I can send you some info when I get into the office tomorrow if you'd like. We're about a week away from deploying our revised MSPBuilder site making this and a few other MSP/Administrative tools available for purchase. We'll have some free goodies as well, including a GUI tool that can manage Windows scheduled tasks, including the ability to push a task to hundreds of systems at once. MultiTool is inexpensive - just $299US - and has a full User Guide documenting installation, all functions, and plenty of examples.

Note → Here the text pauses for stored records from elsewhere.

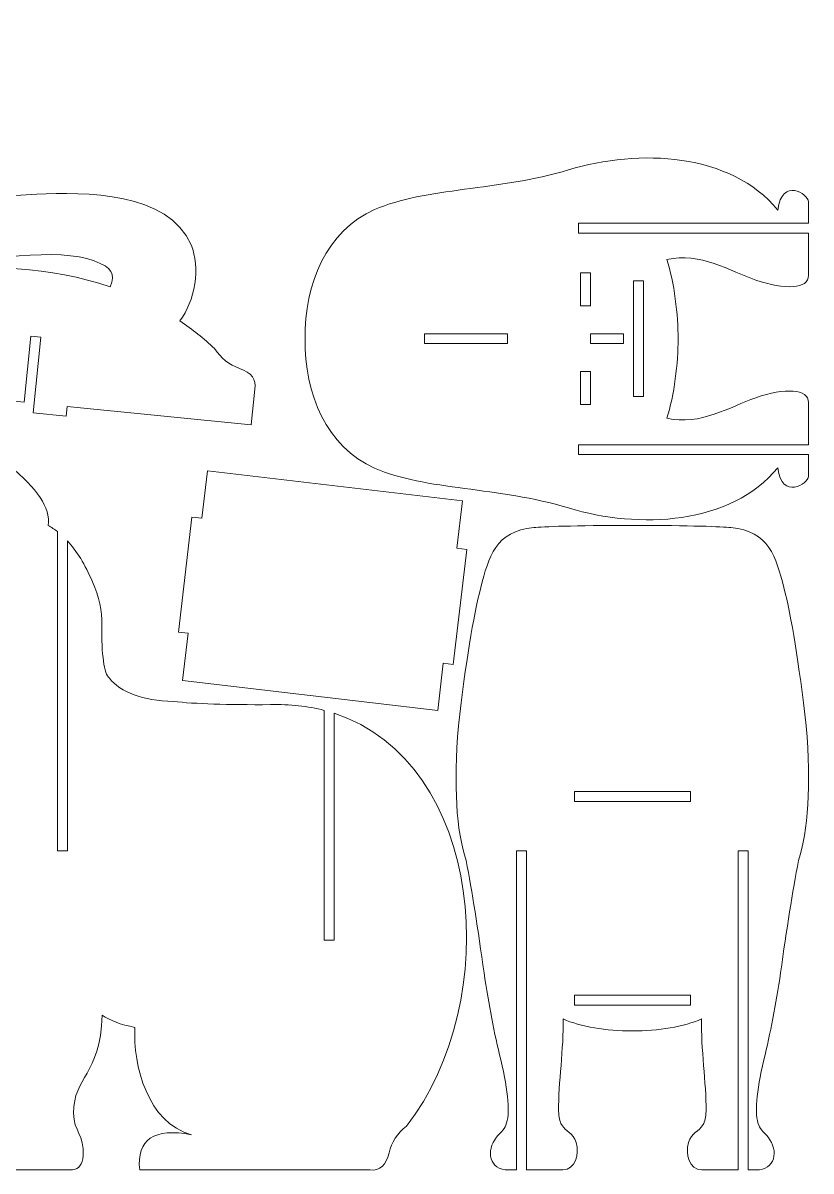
# Model space of a CAD drawing. Header units: millimetres. Extents: x -256 to 254, y -172 to 179.
# Drawn here: x 16.2 to 254.4, y -168.6 to 178.5 of the extents above; entities that cross this region are included whole.
import ezdxf

# ---------------------------------------------------------------- set-up
doc = ezdxf.new("R2010")
doc.units = ezdxf.units.MM
doc.header["$MEASUREMENT"] = 0
doc.layers.add('Camada 1', color=7, linetype='Continuous')

msp = doc.modelspace()

# ---------------------------------------------------------------- linework, layer by layer
at = {"layer": 'Camada 1', "color": 250, "lineweight": 20}
for points, knots in [([(29.578, 62.5831), (29.578, 62.5831), (85.1986, 57.0527), (85.1986, 57.0527), (85.1986, 57.0527), (85.1986, 57.0527), (86.2683, 67.8108), (86.2683, 67.8108), (86.2683, 67.8108), (86.8805, 70.7316), (85.3375, 72.8137), (81.6387, 74.0571), (81.6387, 74.0571), (78.5989, 75.121), (76.0997, 77.1195), (74.1414, 80.0529), (74.1414, 80.0529), (70.9494, 83.1148), (67.435, 85.9002), (63.6736, 88.4047), (63.6736, 88.4047), (68.1904, 94.4189), (69.947, 104.6462), (67.0484, 111.4042), (67.0484, 111.4042), (60.1361, 127.5206), (34.9489, 127.3952), (20.4107, 126.7511), (20.4107, 126.7511), (3.0141, 125.9803), (-13.4585, 122.4414), (-30.504, 119.3715), (-30.504, 119.3715), (-38.3664, 117.9556), (-46.259, 116.7047), (-54.2272, 116.0654), (-54.2272, 116.0654), (-59.682, 115.6278), (-65.5594, 115.4748), (-70.9756, 116.3525), (-70.9756, 116.3525), (-83.2481, 117.1629), (-88.1496, 140.1002), (-68.1144, 142.1529), (-68.1144, 142.1529), (-53.5732, 145.1644), (-24.3988, 136.8241), (-23.7093, 154.5228), (-23.7093, 154.5228), (-23.7303, 178.5115), (-64.6045, 171.1732), (-74.4585, 169.1324), (-74.4585, 169.1324), (-121.9623, 155.3142), (-113.7607, 103.3398), (-73.7114, 98.8667), (-73.7114, 98.8667), (-45.0394, 93.1887), (15.6471, 114.8547), (37.7472, 106.562), (37.7472, 106.562), (43.1998, 104.5159), (44.2459, 102.8208), (42.5934, 98.7055), (42.5934, 98.7055), (6.6276, 111.0349), (-37.8643, 103.4049), (-52.1963, 70.7139), (-52.1963, 70.7139), (-52.1963, 70.7139), (-30.2159, 68.5284), (-30.2159, 68.5284), (-30.2159, 68.5284), (-30.2159, 68.5284), (-30.5127, 65.5431), (-30.5127, 65.5431), (-30.5127, 65.5431), (-30.5127, 65.5431), (-5.6354, 63.0696), (-5.6354, 63.0696), (-5.6354, 63.0696), (-5.6354, 63.0696), (-5.3385, 66.0548), (-5.3385, 66.0548), (-5.3385, 66.0548), (-5.3385, 66.0548), (16.6418, 63.8693), (16.6418, 63.8693), (16.6418, 63.8693), (16.6418, 63.8693), (18.6206, 83.7712), (18.6206, 83.7712), (18.6206, 83.7712), (18.6206, 83.7712), (21.6059, 83.4744), (21.6059, 83.4744), (21.6059, 83.4744), (21.6059, 83.4744), (19.3302, 60.5872), (19.3302, 60.5872), (19.3302, 60.5872), (19.3302, 60.5872), (29.2812, 59.5978), (29.2812, 59.5978), (29.2812, 59.5978), (29.2812, 59.5978), (29.578, 62.5831), (29.578, 62.5831)], [0, 0, 0, 0, 0.03571429, 0.03571429, 0.03571429, 0.03571429, 0.07142857, 0.07142857, 0.07142857, 0.07142857, 0.10714286, 0.10714286, 0.10714286, 0.10714286, 0.14285714, 0.14285714, 0.14285714, 0.14285714, 0.17857143, 0.17857143, 0.17857143, 0.17857143, 0.21428571, 0.21428571, 0.21428571, 0.21428571, 0.25, 0.25, 0.25, 0.25, 0.28571429, 0.28571429, 0.28571429, 0.28571429, 0.32142857, 0.32142857, 0.32142857, 0.32142857, 0.35714286, 0.35714286, 0.35714286, 0.35714286, 0.39285714, 0.39285714, 0.39285714, 0.39285714, 0.42857143, 0.42857143, 0.42857143, 0.42857143, 0.46428571, 0.46428571, 0.46428571, 0.46428571, 0.5, 0.5, 0.5, 0.5, 0.53571429, 0.53571429, 0.53571429, 0.53571429, 0.57142857, 0.57142857, 0.57142857, 0.57142857, 0.60714286, 0.60714286, 0.60714286, 0.60714286, 0.64285714, 0.64285714, 0.64285714, 0.64285714, 0.67857143, 0.67857143, 0.67857143, 0.67857143, 0.71428571, 0.71428571, 0.71428571, 0.71428571, 0.75, 0.75, 0.75, 0.75, 0.78571429, 0.78571429, 0.78571429, 0.78571429, 0.82142857, 0.82142857, 0.82142857, 0.82142857, 0.85714286, 0.85714286, 0.85714286, 0.85714286, 0.89285714, 0.89285714, 0.89285714, 0.89285714, 0.92857143, 0.92857143, 0.92857143, 0.92857143, 1, 1, 1, 1]), ([(244.404, 121.9322), (230.1856, 139.2954), (202.4086, 140.5625), (181.1579, 134.1094), (181.1579, 134.1094), (159.9778, 127.6778), (137.931, 128.8279), (122.5316, 122.0824), (122.5316, 122.0824), (108.1312, 115.7743), (101.1726, 99.4786), (101.5151, 82.9897), (101.5151, 82.9897), (101.1726, 66.5008), (108.1312, 50.205), (122.5316, 43.8969), (122.5316, 43.8969), (137.931, 37.1514), (159.9778, 38.3015), (181.1579, 31.8699), (181.1579, 31.8699), (202.4086, 25.4168), (230.1856, 26.6839), (244.404, 44.0471), (244.404, 44.0471), (245.5953, 34.0254), (253.6398, 39.2717), (253.627, 41.4359), (253.627, 41.4359), (253.627, 41.4359), (253.627, 47.9897), (253.627, 47.9897), (253.627, 47.9897), (253.627, 47.9897), (184.1538, 47.9897), (184.1538, 47.9897), (184.1538, 47.9897), (184.1538, 47.9897), (184.1538, 50.9897), (184.1538, 50.9897), (184.1538, 50.9897), (184.1538, 50.9897), (253.627, 50.9897), (253.627, 50.9897), (253.627, 50.9897), (253.627, 50.9897), (253.627, 63.7351), (253.627, 63.7351), (253.627, 63.7351), (253.742, 68.0236), (246.4207, 68.1776), (237.7807, 65.2134), (237.7807, 65.2134), (229.8429, 62.4901), (221.0189, 56.674), (210.8367, 58.9875), (210.8367, 58.9875), (213.1164, 65.7736), (214.2559, 75.9242), (214.2555, 82.9897), (214.2555, 82.9897), (214.2559, 90.0552), (213.1164, 100.2058), (210.8367, 106.9919), (210.8367, 106.9919), (221.0189, 109.3054), (229.8429, 103.4893), (237.7807, 100.766), (237.7807, 100.766), (246.4207, 97.8018), (253.742, 97.9558), (253.627, 102.2443), (253.627, 102.2443), (253.627, 102.2443), (253.627, 114.9896), (253.627, 114.9896), (253.627, 114.9896), (253.627, 114.9896), (184.1538, 114.9896), (184.1538, 114.9896), (184.1538, 114.9896), (184.1538, 114.9896), (184.1538, 117.9896), (184.1538, 117.9896), (184.1538, 117.9896), (184.1538, 117.9896), (253.627, 117.9896), (253.627, 117.9896), (253.627, 117.9896), (253.627, 117.9896), (253.627, 124.5434), (253.627, 124.5434), (253.627, 124.5434), (253.6398, 126.7076), (245.5953, 131.9539), (244.404, 121.9322)], [0, 0, 0, 0, 0.04, 0.04, 0.04, 0.04, 0.08, 0.08, 0.08, 0.08, 0.12, 0.12, 0.12, 0.12, 0.16, 0.16, 0.16, 0.16, 0.2, 0.2, 0.2, 0.2, 0.24, 0.24, 0.24, 0.24, 0.28, 0.28, 0.28, 0.28, 0.32, 0.32, 0.32, 0.32, 0.36, 0.36, 0.36, 0.36, 0.4, 0.4, 0.4, 0.4, 0.44, 0.44, 0.44, 0.44, 0.48, 0.48, 0.48, 0.48, 0.52, 0.52, 0.52, 0.52, 0.56, 0.56, 0.56, 0.56, 0.6, 0.6, 0.6, 0.6, 0.64, 0.64, 0.64, 0.64, 0.68, 0.68, 0.68, 0.68, 0.72, 0.72, 0.72, 0.72, 0.76, 0.76, 0.76, 0.76, 0.8, 0.8, 0.8, 0.8, 0.84, 0.84, 0.84, 0.84, 0.88, 0.88, 0.88, 0.88, 0.92, 0.92, 0.92, 0.92, 1, 1, 1, 1]), ([(184.7321, 102.9897), (184.7321, 102.9897), (187.732, 102.9897), (187.732, 102.9897), (187.732, 102.9897), (187.732, 102.9897), (187.732, 92.9897), (187.732, 92.9897), (187.732, 92.9897), (187.732, 92.9897), (184.7321, 92.9897), (184.7321, 92.9897), (184.7321, 92.9897), (184.7321, 92.9897), (184.7321, 102.9897), (184.7321, 102.9897)], [0, 0, 0, 0, 0.2, 0.2, 0.2, 0.2, 0.4, 0.4, 0.4, 0.4, 0.6, 0.6, 0.6, 0.6, 1, 1, 1, 1]), ([(200.8055, 100.5622), (200.8055, 100.5622), (203.8055, 100.5622), (203.8055, 100.5622), (203.8055, 100.5622), (203.8055, 100.5622), (203.8055, 65.5622), (203.8055, 65.5622), (203.8055, 65.5622), (203.8055, 65.5622), (200.8055, 65.5622), (200.8055, 65.5622), (200.8055, 65.5622), (200.8055, 65.5622), (200.8055, 100.5622), (200.8055, 100.5622)], [0, 0, 0, 0, 0.2, 0.2, 0.2, 0.2, 0.4, 0.4, 0.4, 0.4, 0.6, 0.6, 0.6, 0.6, 1, 1, 1, 1]), ([(137.6434, 84.5622), (137.6434, 84.5622), (162.6434, 84.5622), (162.6434, 84.5622), (162.6434, 84.5622), (162.6434, 84.5622), (162.6434, 81.5622), (162.6434, 81.5622), (162.6434, 81.5622), (162.6434, 81.5622), (137.6434, 81.5622), (137.6434, 81.5622), (137.6434, 81.5622), (137.6434, 81.5622), (137.6434, 84.5622), (137.6434, 84.5622)], [0, 0, 0, 0, 0.2, 0.2, 0.2, 0.2, 0.4, 0.4, 0.4, 0.4, 0.6, 0.6, 0.6, 0.6, 1, 1, 1, 1]), ([(187.732, 84.5622), (187.732, 84.5622), (197.732, 84.5622), (197.732, 84.5622), (197.732, 84.5622), (197.732, 84.5622), (197.732, 81.5622), (197.732, 81.5622), (197.732, 81.5622), (197.732, 81.5622), (187.732, 81.5622), (187.732, 81.5622), (187.732, 81.5622), (187.732, 81.5622), (187.732, 84.5622), (187.732, 84.5622)], [0, 0, 0, 0, 0.2, 0.2, 0.2, 0.2, 0.4, 0.4, 0.4, 0.4, 0.6, 0.6, 0.6, 0.6, 1, 1, 1, 1]), ([(184.7321, 63.1347), (184.7321, 63.1347), (184.7321, 73.1347), (184.7321, 73.1347), (184.7321, 73.1347), (184.7321, 73.1347), (187.732, 73.1347), (187.732, 73.1347), (187.732, 73.1347), (187.732, 73.1347), (187.732, 63.1347), (187.732, 63.1347), (187.732, 63.1347), (187.732, 63.1347), (184.7321, 63.1347), (184.7321, 63.1347)], [0, 0, 0, 0, 0.2, 0.2, 0.2, 0.2, 0.4, 0.4, 0.4, 0.4, 0.6, 0.6, 0.6, 0.6, 1, 1, 1, 1]), ([(29.6707, 21.9436), (29.6707, 21.9436), (29.6707, -71.787), (29.6707, -71.787), (29.6707, -71.787), (29.6707, -71.787), (26.6707, -71.787), (26.6707, -71.787), (26.6707, -71.787), (26.6707, -71.787), (26.6707, 24.7103), (26.6707, 24.7103), (26.6707, 24.7103), (25.7581, 25.4137), (24.8179, 26.0209), (23.8499, 26.5319), (23.8499, 26.5319), (24.6726, 32.0842), (20.3594, 37.6705), (12.142, 44.6626), (12.142, 44.6626), (7.6139, 48.4971), (4.1516, 51.8115), (1.7546, 54.6049), (1.7546, 54.6049), (-1.7979, 59.218), (-5.3778, 61.5758), (-8.9847, 61.6782), (-8.9847, 61.6782), (-8.9847, 61.6782), (-8.9847, 17.9375), (-8.9847, 17.9375), (-8.9847, 17.9375), (-8.9847, 17.9375), (-11.9847, 17.9375), (-11.9847, 17.9375), (-11.9847, 17.9375), (-11.9847, 17.9375), (-11.9846, 34.2564), (-11.9846, 34.2564), (-11.9846, 34.2564), (-13.7178, 33.8406), (-15.7696, 33.372), (-18.1399, 32.8508), (-18.1399, 32.8508), (-22.4496, 32.0674), (-24.9437, 29.6794), (-25.6223, 25.6857), (-25.6223, 25.6857), (-25.8104, 23.8378), (-26.1906, 21.9588), (-26.7628, 20.0487), (-26.7628, 20.0487), (-26.7628, 20.0487), (-26.7628, 0.6404), (-26.7628, 0.6404), (-26.7628, 0.6404), (-26.7628, 0.6404), (-29.7628, 0.6404), (-29.7628, 0.6404), (-29.7628, 0.6404), (-29.7628, 0.6404), (-29.7628, 12.8262), (-29.7628, 12.8262), (-29.7628, 12.8262), (-29.7628, 12.8262), (-29.9079, 12.5528), (-29.9079, 12.5528), (-29.9079, 12.5528), (-30.5297, 11.3899), (-32.0999, 9.1397), (-33.416, 7.05), (-33.416, 7.05), (-35.0961, 4.383), (-35.6108, 1.1805), (-37.0235, -0.5871), (-37.0235, -0.5871), (-37.2633, -0.8872), (-37.5268, -1.1683), (-37.8142, -1.4305), (-37.8142, -1.4305), (-37.8142, -1.4305), (-37.8142, -12.0595), (-37.8142, -12.0595), (-37.8142, -12.0595), (-37.8142, -12.0595), (-40.8142, -12.0595), (-40.8142, -12.0595), (-40.8142, -12.0595), (-40.8142, -12.0595), (-40.8142, -3.1976), (-40.8142, -3.1976), (-40.8142, -3.1976), (-40.8142, -3.1976), (-41.137, -3.3113), (-41.137, -3.3113), (-41.137, -3.3113), (-43.4207, -4.6426), (-44.4477, -7.0621), (-44.218, -10.5701), (-44.218, -10.5701), (-43.951, -16.0951), (-42.8653, -19.9903), (-40.961, -22.2553), (-40.961, -22.2553), (-38.7888, -25.3485), (-35.9719, -27.1886), (-32.5102, -27.7763), (-32.5102, -27.7763), (-28.0232, -28.4693), (-24.649, -30.3953), (-22.3871, -33.5544), (-22.3871, -33.5544), (-20.6945, -35.6733), (-19.1982, -38.2015), (-17.8976, -41.1391), (-17.8976, -41.1391), (-17.462, -42.5748), (-17.286, -44.2358), (-17.3693, -46.1222), (-17.3693, -46.1222), (-16.2303, -64.5109), (-12.5361, -78.0359), (-6.2866, -86.6982), (-6.2866, -86.6982), (-4.3258, -89.4157), (-1.9148, -91.8117), (0.1621, -94.6206), (0.1621, -94.6206), (1.4617, -96.3785), (2.6189, -98.0559), (3.6332, -99.6521), (3.6332, -99.6521), (4.478, -100.9823), (5.2227, -102.1926), (5.8339, -103.4636), (5.8339, -103.4636), (7.0353, -105.9602), (7.2812, -107.9032), (7.7431, -110.4928), (7.7431, -110.4928), (7.8619, -111.1573), (7.9992, -111.8344), (8.1906, -112.5465), (8.1906, -112.5465), (8.5492, -113.8792), (9.0075, -115.3494), (9.5642, -116.9564), (9.5642, -116.9564), (10.5492, -119.7998), (11.5533, -122.0071), (12.0702, -124.9923), (12.0702, -124.9923), (12.8738, -129.6303), (12.979, -135.976), (12.3843, -144.0292), (12.3843, -144.0292), (11.6532, -156.0399), (2.441, -158.4135), (0.9996, -159.7225), (0.9996, -159.7225), (-1.5958, -162.0791), (-1.4253, -167.9398), (3.0975, -168.2844), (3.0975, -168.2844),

We solve for a very similar situation by using two different escalation stages:
- Stage 1: executes the remediation and escalates to Stage 2
- Stage 2: escalation threshold set for X minutes (we adjust based on the nature of the alert as part of the Entry procedure). Escalates to Stage 1
- The remediation will throw an "all clear" alarm if it detects the problem has been resolved. Deduplication will use this alarm to close the ticket.
We added counters into the ticket variables so the loop exits after a predefined number of cycles (so, for example, we can attempt to resolve an issue a few times before escalating to a human).
Happy to elaborate more if helpful.
This was escalated to support, who suggested changes to the coverage type. That won't work as it will result is generating calls to the on-call team outside of the customer's actual coverage window. Kaseya's PM was on-site yesterday and we reviewed the Goal and Escalation procedure logic and discussed the potential for enhancements there.
Currently, I'm testing a change to the overall logic. I'm using the dedup procedure to add records to the SQL table to count the events, and re-sending a properly formatted email using the detected client's email as a "from" address. The DeDup procedure discards the second event that it submitted.
The Intake procedure now simply cancels any alert from the original event, and will only receive one re-submitted ticket - any others removed by the DeDup process. The Multi-Tool delay function simply sleeps the re-submitted ticket for 15 minutes. After the delay, it checks the SQL table to determine if 1 or 2 events were recorded. If 1, ticket is cancelled, if 2, alert is processed. No longer depends on Goal or Escalation procedures that in turn depend upon customer coverage times.
Thanks for all the feedback as the combination of ideas was very helpful in coming up with this method.